In the past, when we thought about abuse of computer systems, we thought about technical exploits of various kinds - stolen or weak passwords, unpatched systems, bugs, buffer overruns and SQL injection. We thought about ‘hackers’ finding gaps in the software engineering. But if YouTube or Facebook are distributed computer systems where the routers are old-fashioned software but the CPUs are people, then a bad actor thinks of finding exploits in the people as well as the software. Common cognitive biases become as important as common programming errors.
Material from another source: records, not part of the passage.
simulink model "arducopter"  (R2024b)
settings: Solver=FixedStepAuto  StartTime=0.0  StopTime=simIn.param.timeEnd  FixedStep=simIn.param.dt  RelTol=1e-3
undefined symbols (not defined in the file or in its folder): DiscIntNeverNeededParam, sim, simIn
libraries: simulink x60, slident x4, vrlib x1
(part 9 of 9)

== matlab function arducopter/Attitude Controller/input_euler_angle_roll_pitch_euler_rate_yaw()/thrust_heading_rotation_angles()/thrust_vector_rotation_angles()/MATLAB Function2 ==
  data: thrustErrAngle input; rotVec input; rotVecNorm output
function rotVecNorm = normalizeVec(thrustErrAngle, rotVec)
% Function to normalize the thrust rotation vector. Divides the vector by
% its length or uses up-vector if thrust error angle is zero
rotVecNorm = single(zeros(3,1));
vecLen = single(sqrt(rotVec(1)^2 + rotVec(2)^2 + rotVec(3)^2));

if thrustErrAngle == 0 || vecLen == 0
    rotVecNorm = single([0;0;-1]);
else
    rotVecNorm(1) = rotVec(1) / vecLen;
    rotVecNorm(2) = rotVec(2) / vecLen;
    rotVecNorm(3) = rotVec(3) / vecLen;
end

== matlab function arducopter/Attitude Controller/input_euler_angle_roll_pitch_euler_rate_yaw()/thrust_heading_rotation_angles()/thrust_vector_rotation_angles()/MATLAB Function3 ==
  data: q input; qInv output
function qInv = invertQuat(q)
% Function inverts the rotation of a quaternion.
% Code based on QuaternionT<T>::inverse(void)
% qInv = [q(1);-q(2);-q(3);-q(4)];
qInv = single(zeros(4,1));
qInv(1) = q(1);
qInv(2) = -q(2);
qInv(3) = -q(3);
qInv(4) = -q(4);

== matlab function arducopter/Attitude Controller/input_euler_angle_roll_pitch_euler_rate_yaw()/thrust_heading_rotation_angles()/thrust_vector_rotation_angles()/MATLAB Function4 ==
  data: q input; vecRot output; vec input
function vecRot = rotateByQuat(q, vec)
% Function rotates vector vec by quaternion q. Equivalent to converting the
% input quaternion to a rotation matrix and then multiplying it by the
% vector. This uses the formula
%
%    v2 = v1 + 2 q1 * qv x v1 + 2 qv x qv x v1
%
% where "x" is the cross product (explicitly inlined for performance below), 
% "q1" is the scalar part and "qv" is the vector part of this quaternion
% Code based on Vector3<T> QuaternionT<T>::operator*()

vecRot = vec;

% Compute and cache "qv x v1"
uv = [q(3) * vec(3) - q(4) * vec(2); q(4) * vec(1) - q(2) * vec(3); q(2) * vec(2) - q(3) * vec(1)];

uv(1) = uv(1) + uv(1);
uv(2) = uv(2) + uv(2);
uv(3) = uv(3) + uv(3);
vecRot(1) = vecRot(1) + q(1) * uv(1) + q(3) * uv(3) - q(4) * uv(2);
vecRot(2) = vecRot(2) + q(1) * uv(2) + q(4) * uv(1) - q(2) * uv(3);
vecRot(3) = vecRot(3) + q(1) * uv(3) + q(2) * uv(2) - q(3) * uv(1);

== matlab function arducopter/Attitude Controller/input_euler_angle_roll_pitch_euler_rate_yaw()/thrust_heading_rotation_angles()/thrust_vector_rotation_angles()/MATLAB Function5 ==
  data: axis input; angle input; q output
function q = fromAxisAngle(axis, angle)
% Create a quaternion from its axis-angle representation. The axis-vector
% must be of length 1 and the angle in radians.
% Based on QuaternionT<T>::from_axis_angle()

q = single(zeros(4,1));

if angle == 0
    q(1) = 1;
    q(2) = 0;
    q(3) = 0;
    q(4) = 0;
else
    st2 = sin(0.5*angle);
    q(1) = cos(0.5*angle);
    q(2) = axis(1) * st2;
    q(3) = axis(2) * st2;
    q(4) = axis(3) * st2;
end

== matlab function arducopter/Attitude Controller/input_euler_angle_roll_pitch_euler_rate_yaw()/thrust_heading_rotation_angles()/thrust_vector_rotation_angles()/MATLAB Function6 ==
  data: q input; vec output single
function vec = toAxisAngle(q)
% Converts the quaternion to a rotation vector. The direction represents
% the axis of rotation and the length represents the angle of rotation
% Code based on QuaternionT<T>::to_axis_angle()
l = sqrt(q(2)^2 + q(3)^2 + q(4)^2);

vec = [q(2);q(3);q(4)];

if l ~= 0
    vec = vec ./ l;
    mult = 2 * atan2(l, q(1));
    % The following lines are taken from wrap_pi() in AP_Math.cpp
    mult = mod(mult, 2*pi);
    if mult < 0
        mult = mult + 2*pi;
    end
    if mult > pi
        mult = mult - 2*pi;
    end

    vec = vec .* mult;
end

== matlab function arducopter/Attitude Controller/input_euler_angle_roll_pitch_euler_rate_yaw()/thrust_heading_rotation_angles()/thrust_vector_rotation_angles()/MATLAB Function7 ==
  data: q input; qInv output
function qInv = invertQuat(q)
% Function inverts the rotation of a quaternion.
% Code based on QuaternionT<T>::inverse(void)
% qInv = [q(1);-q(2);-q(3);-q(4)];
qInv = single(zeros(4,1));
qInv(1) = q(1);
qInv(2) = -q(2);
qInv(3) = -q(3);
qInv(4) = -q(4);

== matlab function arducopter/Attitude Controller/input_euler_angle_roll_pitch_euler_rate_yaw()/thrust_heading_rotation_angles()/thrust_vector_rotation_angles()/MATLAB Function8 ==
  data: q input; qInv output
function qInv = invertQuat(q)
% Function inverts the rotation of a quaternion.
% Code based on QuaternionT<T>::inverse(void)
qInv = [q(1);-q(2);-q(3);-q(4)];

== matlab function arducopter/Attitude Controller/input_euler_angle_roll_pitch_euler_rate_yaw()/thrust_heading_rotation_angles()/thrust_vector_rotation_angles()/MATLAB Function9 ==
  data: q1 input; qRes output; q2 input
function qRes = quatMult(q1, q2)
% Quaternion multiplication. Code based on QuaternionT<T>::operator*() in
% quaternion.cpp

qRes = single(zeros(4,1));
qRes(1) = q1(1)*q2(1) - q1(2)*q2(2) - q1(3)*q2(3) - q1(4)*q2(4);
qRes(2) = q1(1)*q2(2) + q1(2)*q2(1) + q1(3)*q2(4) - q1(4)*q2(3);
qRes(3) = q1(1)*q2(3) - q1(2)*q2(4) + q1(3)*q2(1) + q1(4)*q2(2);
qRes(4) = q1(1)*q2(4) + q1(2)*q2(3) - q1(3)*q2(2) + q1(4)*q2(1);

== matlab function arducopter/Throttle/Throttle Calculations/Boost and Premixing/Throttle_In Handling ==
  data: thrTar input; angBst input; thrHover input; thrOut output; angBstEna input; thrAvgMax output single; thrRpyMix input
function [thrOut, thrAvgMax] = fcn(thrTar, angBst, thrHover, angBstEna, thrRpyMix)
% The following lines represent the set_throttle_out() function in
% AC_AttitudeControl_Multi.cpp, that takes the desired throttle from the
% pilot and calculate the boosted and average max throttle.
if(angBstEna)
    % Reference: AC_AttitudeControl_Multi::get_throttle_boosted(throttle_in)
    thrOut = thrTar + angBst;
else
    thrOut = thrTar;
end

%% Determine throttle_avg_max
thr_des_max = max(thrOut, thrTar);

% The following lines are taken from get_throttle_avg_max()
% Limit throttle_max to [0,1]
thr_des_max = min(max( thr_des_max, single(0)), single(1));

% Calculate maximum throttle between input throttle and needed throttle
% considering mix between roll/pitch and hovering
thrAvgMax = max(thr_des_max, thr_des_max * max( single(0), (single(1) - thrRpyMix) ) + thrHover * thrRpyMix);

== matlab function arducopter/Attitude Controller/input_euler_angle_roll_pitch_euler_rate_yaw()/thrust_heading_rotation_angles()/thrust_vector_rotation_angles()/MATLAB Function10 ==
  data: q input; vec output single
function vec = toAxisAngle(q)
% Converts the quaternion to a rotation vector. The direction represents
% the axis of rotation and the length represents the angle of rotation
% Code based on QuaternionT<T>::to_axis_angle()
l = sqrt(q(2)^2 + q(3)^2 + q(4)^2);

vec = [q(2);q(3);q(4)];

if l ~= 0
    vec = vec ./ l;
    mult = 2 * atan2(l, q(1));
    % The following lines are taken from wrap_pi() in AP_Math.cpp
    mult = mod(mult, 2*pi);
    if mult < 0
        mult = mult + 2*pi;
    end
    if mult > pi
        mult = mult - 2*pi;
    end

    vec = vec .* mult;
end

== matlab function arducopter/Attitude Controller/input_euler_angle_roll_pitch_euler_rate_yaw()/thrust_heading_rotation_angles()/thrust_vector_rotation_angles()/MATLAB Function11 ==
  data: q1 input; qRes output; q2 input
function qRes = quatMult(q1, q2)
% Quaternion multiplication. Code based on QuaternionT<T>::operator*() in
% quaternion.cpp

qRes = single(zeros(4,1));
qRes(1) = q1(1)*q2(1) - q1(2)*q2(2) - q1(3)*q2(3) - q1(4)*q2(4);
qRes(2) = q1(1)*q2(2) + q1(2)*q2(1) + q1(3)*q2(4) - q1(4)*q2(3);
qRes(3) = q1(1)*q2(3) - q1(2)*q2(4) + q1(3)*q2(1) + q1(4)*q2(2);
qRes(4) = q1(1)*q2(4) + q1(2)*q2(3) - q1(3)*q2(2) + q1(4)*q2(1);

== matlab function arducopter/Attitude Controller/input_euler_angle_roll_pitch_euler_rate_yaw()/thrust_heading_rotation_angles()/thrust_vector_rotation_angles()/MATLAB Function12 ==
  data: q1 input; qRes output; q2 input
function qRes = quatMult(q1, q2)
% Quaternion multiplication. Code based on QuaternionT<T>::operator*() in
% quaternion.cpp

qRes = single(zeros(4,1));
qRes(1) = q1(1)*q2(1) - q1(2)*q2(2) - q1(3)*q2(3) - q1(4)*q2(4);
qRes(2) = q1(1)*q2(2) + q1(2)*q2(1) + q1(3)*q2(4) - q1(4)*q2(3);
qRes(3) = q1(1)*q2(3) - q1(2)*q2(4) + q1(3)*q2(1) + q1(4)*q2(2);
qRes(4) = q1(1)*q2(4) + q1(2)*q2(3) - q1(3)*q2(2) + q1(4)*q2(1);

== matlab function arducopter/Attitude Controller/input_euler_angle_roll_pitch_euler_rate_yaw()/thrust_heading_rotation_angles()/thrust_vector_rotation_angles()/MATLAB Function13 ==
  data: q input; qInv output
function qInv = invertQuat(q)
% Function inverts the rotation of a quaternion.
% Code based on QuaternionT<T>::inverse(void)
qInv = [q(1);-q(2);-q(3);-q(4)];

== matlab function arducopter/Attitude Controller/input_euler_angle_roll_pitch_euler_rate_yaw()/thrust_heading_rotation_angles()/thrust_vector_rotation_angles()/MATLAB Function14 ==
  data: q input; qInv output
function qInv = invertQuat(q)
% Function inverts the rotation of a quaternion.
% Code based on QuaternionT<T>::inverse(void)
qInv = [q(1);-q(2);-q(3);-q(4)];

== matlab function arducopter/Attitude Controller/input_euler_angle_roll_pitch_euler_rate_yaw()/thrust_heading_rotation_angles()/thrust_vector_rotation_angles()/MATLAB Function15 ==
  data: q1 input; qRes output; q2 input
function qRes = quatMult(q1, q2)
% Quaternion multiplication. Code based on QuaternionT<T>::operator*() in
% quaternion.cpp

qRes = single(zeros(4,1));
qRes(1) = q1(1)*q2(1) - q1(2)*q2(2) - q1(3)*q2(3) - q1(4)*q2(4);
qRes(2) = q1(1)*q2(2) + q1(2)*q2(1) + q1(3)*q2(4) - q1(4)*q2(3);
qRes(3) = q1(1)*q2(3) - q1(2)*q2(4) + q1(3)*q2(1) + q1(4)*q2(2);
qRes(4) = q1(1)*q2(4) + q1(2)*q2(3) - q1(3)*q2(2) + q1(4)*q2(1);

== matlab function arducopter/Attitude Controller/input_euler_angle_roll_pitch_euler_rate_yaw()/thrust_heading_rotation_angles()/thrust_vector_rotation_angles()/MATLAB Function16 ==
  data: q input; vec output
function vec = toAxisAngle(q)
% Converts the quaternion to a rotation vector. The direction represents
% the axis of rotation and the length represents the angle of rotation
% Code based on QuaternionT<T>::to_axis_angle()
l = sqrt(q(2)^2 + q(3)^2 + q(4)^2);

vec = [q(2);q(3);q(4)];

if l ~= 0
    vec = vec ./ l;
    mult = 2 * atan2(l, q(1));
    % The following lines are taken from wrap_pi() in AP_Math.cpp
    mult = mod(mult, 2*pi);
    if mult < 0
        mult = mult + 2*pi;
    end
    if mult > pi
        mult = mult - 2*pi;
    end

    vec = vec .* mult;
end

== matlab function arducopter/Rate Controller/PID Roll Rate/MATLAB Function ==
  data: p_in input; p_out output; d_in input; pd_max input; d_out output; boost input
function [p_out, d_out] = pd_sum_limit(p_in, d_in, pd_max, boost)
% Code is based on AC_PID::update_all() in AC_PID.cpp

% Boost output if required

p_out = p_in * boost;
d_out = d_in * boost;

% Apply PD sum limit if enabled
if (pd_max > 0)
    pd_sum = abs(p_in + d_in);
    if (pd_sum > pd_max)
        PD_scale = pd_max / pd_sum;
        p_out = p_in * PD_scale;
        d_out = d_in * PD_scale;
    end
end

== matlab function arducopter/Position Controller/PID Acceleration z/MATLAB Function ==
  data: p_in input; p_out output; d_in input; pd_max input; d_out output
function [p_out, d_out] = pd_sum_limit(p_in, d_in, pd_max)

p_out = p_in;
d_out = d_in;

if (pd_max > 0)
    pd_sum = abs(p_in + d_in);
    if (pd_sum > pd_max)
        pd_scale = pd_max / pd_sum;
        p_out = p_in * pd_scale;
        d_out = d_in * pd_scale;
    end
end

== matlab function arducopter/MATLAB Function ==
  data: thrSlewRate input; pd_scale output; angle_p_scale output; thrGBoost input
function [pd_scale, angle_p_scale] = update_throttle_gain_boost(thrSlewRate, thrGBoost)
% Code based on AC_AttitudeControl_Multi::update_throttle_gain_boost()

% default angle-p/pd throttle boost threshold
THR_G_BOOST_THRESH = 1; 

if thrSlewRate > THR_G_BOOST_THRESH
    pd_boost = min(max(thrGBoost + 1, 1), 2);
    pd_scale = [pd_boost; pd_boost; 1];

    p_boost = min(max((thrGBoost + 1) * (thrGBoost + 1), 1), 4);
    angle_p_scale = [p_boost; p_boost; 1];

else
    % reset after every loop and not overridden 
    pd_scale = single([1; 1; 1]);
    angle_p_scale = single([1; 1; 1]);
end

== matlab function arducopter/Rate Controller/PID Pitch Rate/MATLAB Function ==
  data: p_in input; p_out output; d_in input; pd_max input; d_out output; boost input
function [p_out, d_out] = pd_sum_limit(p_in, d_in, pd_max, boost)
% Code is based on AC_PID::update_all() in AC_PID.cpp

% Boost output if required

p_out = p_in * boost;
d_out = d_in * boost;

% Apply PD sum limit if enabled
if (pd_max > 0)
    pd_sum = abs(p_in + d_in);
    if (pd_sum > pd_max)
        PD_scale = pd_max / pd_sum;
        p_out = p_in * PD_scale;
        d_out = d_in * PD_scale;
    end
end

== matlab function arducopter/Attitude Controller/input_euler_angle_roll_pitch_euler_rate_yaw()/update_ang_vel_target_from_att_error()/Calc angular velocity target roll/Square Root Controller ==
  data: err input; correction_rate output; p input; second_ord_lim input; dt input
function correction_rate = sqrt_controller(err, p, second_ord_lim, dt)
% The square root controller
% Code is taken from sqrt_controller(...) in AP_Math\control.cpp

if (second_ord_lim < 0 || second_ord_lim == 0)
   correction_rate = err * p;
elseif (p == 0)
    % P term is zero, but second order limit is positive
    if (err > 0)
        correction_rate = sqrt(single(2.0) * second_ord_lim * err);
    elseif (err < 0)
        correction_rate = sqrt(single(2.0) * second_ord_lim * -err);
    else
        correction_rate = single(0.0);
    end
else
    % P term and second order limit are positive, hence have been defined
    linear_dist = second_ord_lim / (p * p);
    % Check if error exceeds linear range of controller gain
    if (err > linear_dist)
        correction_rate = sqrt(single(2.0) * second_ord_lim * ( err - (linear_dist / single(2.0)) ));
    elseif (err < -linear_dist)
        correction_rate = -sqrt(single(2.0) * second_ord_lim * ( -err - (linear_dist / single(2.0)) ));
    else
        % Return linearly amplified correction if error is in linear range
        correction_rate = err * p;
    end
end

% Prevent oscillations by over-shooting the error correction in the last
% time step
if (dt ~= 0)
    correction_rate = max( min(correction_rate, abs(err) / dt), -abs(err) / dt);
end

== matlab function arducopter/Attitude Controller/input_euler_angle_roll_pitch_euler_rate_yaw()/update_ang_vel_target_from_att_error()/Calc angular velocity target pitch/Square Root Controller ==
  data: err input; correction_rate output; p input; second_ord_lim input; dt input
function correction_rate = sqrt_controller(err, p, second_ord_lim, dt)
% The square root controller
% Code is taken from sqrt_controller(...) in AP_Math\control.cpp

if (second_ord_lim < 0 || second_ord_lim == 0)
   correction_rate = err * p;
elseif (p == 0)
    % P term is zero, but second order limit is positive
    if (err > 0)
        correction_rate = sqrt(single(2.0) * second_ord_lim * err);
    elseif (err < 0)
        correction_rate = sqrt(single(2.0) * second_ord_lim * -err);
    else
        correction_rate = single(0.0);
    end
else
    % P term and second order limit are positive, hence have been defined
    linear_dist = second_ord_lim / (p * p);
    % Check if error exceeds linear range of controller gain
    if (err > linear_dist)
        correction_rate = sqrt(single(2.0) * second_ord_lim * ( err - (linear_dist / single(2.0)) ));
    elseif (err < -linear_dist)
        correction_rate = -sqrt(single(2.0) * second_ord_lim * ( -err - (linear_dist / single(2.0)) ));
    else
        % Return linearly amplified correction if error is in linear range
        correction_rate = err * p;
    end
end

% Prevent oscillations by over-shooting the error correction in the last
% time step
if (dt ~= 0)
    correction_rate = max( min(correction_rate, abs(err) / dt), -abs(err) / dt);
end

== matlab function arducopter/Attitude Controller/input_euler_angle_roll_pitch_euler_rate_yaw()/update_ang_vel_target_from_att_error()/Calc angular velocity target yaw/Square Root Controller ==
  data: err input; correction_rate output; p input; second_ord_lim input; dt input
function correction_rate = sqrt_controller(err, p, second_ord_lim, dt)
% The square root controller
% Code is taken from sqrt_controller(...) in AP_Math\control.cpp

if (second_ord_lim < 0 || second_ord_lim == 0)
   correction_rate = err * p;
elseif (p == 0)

That is, there are two ways to rob a bank - you can bypass the alarm and pick the lock on the safe, or you can con the manager. These are both ways that your processing systems are failing, but now one of the processing systems is us. Hence, as I wrote here looking at Facebook’s recent strategic pivot to privacy and security, human moderation of the data on these platforms is conceptually very similar to the software virus scanners that boomed in response to malware on Windows two decades ago. One part of the computer watches another part to see if it’s doing something it shouldn’t.
Even without thinking about deliberate abuse, there are problems inherent in using human activity to analyse human activity. Once you start using the computer to analyse the computer, you risk creating feedback cycles. You can see this in the idea of filter bubbles, or ‘YouTube radicalisation’, or even SEO spam. Meanwhile, one of the problems that Facebook has faced is that sometimes having or generating more data degrades the value of the data. This is the newsfeed overload problem: you add 50 or 150 friends, and you share 5 or 10 things every day or so, but so do all of them, and so you have 1,500 items in your feed every day. Dunbar’s number + Zuckerberg’s law = overload ... which gets us to Goodhart’s Law.
“Any observed statistical regularity will tend to collapse once pressure is placed upon it for control purposes.” - Charles Goodhart
Machine learning is now changing where that point of leverage might be. It opens up to automation a class of question that would previously have needed people - perhaps millions or billions of people. But it doesn’t actually remove the people - it just moves them somewhere else, and makes them replicable.
In the past, if you had a photo of a cat, it could only be labeled ‘cat’ if you had enough users (or employees, or moderators) that someone would look at and label that particular image. Today, you don’t need any users to see that particular cat picture - you just need some other users, somewhere else, at some point in the past, to have labeled enough other cat pictures to generate a decent recognition model. So: how many problems could you previously only solve if you applied the aggregate behavior of millions or hundreds of millions of people, that you now could solve with machine learning, without having any users of your own? In effect, you’ve turned the mechanical turk into something you can automate.
This is just another form of leveraging people: you need people to do the labelling (and to write the rules for how the people do the labelling). But we move the point of leverage, and change, perhaps radically, how many people we need, and so we change some of the ‘winner takes all’ effects. After all, these giant social platforms are vast collections of manually labeled data, so is the glass half empty or half full? Glass half full: they have the world's largest collection of manually label data (in their chosen domain). Glass half empty: it’s manually labeled.